Tips for best results

  • Include a clear date column in your CSV. Column names like date, time, timestamp, period, or datetime are common; the tool examines the values, not the column name, to detect dates.
  • Keep numeric columns free of currency symbols, percentage signs, or units — strip those in your spreadsheet first. Values like $1,234.56 may not parse correctly.
  • For high-frequency data (thousands of rows), Plotly’s interactive chart lets you zoom and pan to inspect specific sub-ranges.
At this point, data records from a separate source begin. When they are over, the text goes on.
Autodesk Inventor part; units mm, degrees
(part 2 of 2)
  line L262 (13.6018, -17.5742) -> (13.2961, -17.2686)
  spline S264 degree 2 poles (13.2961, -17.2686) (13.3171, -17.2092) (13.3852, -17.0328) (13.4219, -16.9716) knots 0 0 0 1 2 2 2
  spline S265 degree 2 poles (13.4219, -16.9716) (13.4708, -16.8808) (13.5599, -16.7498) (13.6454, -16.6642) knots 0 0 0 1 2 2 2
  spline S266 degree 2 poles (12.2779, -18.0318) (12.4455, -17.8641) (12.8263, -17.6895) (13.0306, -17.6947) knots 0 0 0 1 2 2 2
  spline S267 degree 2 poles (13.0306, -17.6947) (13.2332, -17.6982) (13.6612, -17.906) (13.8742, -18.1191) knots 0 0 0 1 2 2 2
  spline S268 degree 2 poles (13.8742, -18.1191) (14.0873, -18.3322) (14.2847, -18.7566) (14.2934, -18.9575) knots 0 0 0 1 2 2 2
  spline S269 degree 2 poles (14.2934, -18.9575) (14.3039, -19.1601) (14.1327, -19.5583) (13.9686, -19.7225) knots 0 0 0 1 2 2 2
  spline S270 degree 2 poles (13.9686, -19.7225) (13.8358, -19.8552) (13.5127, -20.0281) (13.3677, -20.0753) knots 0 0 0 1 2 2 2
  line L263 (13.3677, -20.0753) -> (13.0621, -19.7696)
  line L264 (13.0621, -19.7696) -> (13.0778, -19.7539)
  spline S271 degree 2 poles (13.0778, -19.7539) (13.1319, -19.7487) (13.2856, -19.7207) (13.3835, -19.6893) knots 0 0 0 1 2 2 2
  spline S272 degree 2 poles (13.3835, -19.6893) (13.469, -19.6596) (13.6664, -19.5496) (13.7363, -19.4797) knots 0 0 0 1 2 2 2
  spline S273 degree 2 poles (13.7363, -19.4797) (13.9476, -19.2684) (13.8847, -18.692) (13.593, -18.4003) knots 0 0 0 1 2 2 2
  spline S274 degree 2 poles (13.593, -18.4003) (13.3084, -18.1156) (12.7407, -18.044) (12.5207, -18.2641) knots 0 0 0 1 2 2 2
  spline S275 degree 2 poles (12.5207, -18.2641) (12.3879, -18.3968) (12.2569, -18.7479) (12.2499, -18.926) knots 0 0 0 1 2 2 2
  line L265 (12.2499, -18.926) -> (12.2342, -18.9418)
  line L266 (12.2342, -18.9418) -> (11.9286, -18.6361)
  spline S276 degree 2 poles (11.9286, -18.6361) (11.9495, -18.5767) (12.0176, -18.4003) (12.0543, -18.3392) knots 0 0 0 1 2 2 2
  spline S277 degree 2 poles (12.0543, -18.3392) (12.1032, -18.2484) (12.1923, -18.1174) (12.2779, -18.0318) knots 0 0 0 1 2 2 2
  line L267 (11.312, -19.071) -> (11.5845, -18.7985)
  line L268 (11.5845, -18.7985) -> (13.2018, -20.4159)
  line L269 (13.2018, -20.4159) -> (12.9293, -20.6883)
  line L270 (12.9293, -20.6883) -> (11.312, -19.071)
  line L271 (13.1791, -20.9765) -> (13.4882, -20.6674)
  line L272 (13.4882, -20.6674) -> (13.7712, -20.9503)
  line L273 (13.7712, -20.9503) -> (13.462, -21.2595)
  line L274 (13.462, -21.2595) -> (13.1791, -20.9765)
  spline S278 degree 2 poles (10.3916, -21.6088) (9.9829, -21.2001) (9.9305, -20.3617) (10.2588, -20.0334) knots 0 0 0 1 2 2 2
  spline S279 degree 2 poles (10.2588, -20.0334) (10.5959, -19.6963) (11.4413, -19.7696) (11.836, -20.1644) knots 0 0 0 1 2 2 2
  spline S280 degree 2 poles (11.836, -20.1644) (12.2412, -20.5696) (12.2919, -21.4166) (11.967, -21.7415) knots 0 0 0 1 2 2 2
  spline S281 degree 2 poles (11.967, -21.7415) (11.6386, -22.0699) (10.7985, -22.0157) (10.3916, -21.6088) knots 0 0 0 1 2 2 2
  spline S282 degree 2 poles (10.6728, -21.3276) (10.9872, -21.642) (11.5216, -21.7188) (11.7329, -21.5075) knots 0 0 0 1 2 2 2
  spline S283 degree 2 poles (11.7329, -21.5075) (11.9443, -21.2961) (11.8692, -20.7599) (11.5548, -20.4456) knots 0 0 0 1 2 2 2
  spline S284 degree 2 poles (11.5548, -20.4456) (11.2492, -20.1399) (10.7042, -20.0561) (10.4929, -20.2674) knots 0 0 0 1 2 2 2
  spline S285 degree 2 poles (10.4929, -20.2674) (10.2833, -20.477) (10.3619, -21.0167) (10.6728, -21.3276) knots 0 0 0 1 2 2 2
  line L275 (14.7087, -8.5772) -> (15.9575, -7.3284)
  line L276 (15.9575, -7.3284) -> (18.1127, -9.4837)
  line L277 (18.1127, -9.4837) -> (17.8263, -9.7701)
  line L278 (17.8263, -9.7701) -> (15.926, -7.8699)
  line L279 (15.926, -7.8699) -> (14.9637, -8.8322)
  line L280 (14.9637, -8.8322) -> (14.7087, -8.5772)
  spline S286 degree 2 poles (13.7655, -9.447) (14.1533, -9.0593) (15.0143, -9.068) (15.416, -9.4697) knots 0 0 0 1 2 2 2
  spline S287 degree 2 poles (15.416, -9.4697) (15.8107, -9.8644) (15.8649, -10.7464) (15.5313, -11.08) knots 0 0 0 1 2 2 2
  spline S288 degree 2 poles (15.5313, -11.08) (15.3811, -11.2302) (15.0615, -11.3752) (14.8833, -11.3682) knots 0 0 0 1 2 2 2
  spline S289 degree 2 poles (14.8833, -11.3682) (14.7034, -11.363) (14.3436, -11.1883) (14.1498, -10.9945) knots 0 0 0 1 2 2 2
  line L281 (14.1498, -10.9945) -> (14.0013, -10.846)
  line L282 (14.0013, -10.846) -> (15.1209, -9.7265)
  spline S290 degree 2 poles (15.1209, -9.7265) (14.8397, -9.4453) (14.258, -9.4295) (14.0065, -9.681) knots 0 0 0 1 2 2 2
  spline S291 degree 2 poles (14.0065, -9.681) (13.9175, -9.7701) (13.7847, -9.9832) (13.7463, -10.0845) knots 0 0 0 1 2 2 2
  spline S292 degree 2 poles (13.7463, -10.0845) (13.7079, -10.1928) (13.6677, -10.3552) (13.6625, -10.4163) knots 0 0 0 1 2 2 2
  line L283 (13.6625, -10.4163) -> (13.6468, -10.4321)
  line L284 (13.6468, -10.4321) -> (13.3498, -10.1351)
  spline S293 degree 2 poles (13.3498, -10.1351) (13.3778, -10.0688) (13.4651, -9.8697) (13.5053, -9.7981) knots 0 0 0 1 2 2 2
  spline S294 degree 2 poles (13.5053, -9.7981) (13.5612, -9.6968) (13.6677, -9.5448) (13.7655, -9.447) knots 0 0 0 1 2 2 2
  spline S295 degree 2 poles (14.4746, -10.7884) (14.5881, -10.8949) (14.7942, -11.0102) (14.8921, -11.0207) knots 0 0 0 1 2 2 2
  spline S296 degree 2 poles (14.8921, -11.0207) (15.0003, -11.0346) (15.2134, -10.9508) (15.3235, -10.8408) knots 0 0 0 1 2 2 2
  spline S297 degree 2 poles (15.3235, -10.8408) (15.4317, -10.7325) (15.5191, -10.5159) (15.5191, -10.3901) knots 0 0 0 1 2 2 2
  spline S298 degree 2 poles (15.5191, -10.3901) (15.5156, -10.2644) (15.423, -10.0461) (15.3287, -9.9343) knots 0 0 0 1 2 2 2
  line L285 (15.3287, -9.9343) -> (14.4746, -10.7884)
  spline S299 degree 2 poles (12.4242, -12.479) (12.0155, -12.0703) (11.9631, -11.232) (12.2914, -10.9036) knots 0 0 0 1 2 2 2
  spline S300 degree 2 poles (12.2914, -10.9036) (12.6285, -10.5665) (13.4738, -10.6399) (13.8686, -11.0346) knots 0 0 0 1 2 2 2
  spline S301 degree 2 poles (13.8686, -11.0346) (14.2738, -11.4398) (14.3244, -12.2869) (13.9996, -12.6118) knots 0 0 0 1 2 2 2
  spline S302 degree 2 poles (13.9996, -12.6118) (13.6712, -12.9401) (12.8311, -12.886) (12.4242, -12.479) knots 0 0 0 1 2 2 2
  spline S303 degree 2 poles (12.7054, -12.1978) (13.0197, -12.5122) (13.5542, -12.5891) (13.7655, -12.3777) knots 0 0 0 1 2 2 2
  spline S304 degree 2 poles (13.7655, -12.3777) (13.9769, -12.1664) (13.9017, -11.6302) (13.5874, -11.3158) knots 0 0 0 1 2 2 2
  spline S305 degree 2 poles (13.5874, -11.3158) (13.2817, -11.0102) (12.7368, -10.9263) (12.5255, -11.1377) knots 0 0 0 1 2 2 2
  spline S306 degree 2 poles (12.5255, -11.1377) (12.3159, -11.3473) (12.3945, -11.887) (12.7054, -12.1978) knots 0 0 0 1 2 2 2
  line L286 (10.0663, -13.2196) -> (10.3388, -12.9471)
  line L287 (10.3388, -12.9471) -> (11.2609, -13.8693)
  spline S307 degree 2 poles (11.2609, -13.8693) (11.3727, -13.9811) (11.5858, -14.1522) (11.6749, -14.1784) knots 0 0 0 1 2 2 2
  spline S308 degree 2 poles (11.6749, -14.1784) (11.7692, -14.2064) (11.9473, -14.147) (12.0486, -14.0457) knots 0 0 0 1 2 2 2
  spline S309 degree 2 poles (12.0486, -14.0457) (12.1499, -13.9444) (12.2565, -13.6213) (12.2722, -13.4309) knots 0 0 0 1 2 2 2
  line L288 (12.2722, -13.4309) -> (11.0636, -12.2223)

Use the toolbar in the top-right corner of the chart.
  • If you have more than 10 series, consider grouping related columns into separate uploads for clarity.

References

  • Chatfield, C. (2003). The Analysis of Time Series: An Introduction. Chapman & Hall/CRC.
  • Hyndman, R.J., Athanasopoulos, G. (2021). Forecasting: Principles and Practice, 3rd edition. OTexts. Available at otexts.com/fpp3.
  • Box, G.E.P., Jenkins, G.M., Reinsel, G.C., Ljung, G.M. (2015). Time Series Analysis: Forecasting and Control. Wiley.